A rebuild (or ZFS resilver) is when the array reconstructs a failed drive — and it's the riskiest moment in an array's life. Here's how long it takes, why it's risky, and how to shrink both. Estimate it in the RAID calculator.
What happens during a rebuild
When a drive fails, the array reconstructs its contents onto a replacement (or hot spare): mirrors copy from the surviving half, parity arrays read all surviving members and recompute the missing data. Until that finishes, the array runs degraded — and for single-parity levels, with no redundancy left.

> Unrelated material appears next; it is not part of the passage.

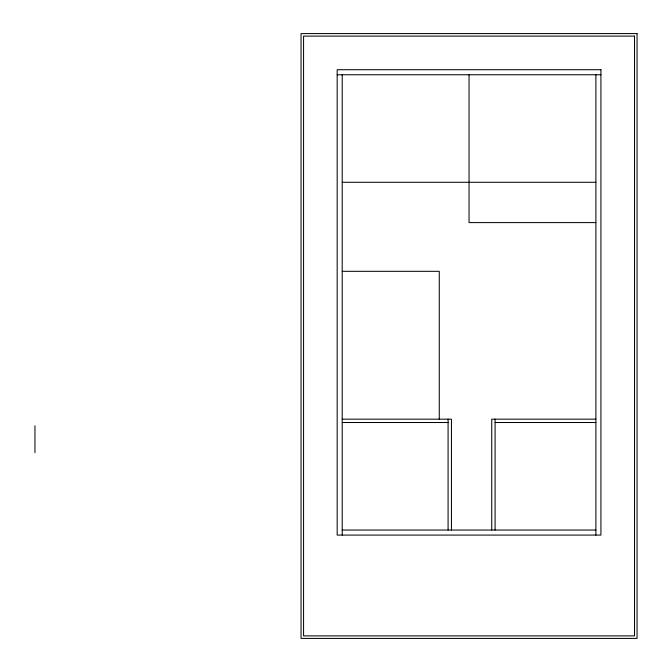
<?xml version="1.0" encoding="UTF-8"?>
<svg xmlns="http://www.w3.org/2000/svg" width="672" height="672" viewBox="0 0 672 672"><rect width="100%" height="100%" fill="white"/><g stroke="black" fill="none" stroke-linecap="round" stroke-linejoin="round"><path stroke-width="1.01" d="M337.168 74.76L600.928 74.76M342.208 182.28L595.888 182.28M595.888 222.6L469.048 222.6L469.048 74.76M342.208 271.32L439.27 271.32L439.27 419.16M342.208 419.16L451.45 419.16L451.45 530.04M595.888 419.16L491.728 419.16L491.728 530.04M342.208 422.52L448.09 422.52M495.088 422.52L595.888 422.52M342.208 530.04L595.888 530.04M595.888 74.76L595.888 535.08M495.088 419.16L495.088 530.04M448.09 419.16L448.09 530.04M342.208 74.76L342.208 535.08M34.952 425.821L34.952 452.701M637.048 33.6L301.048 33.6L301.048 638.4L637.048 638.4L637.048 33.6M634.528 36.12L303.568 36.12L303.568 635.88L634.528 635.88L634.528 36.12M600.928 69.72L337.168 69.72L337.168 535.08L600.928 535.08L600.928 69.72"/></g></svg>

Rebuild time depends mainly on drive capacity and the rebuild rate, which is throttled by ongoing workload. As a rough guide, a large nearline HDD rebuilds at tens of MB/s under load, so a multi-TB drive can take many hours to days. The calculator gives an indicative figure (clearly labelled an estimate).
Why rebuilds are risky
Two things can go wrong during the window. First, an unrecoverable read error (URE) on a surviving drive: in single-parity RAID 5 / RAIDZ1 there's no parity left, so that's data loss (see is RAID 5 dead?). Second, a second drive failure — the rebuild stresses every drive, and a same-batch sibling may fail too. Dual parity (RAID 6 / RAIDZ2) survives both a URE and one extra failure during a single-drive rebuild.
The bigger the drives, the longer the window and the more bits are read, so the higher both risks. This is why dual parity is the default on large-capacity arrays.
Shrinking rebuild time and risk
Distributed RAID (Dell ADAPT, HPE distributed RAID) and ZFS resilver only rebuild the used data and spread the work across many drives, finishing far faster than classic dedicated-parity rebuilds. Nesting (RAID 50/60) splits a big pool into smaller, faster-rebuilding groups. A hot spare removes the wait for a human.
The strongest combination on big drives: dual (or triple) parity + distributed rebuild + a hot spare — fast reconstruction with redundancy still in reserve.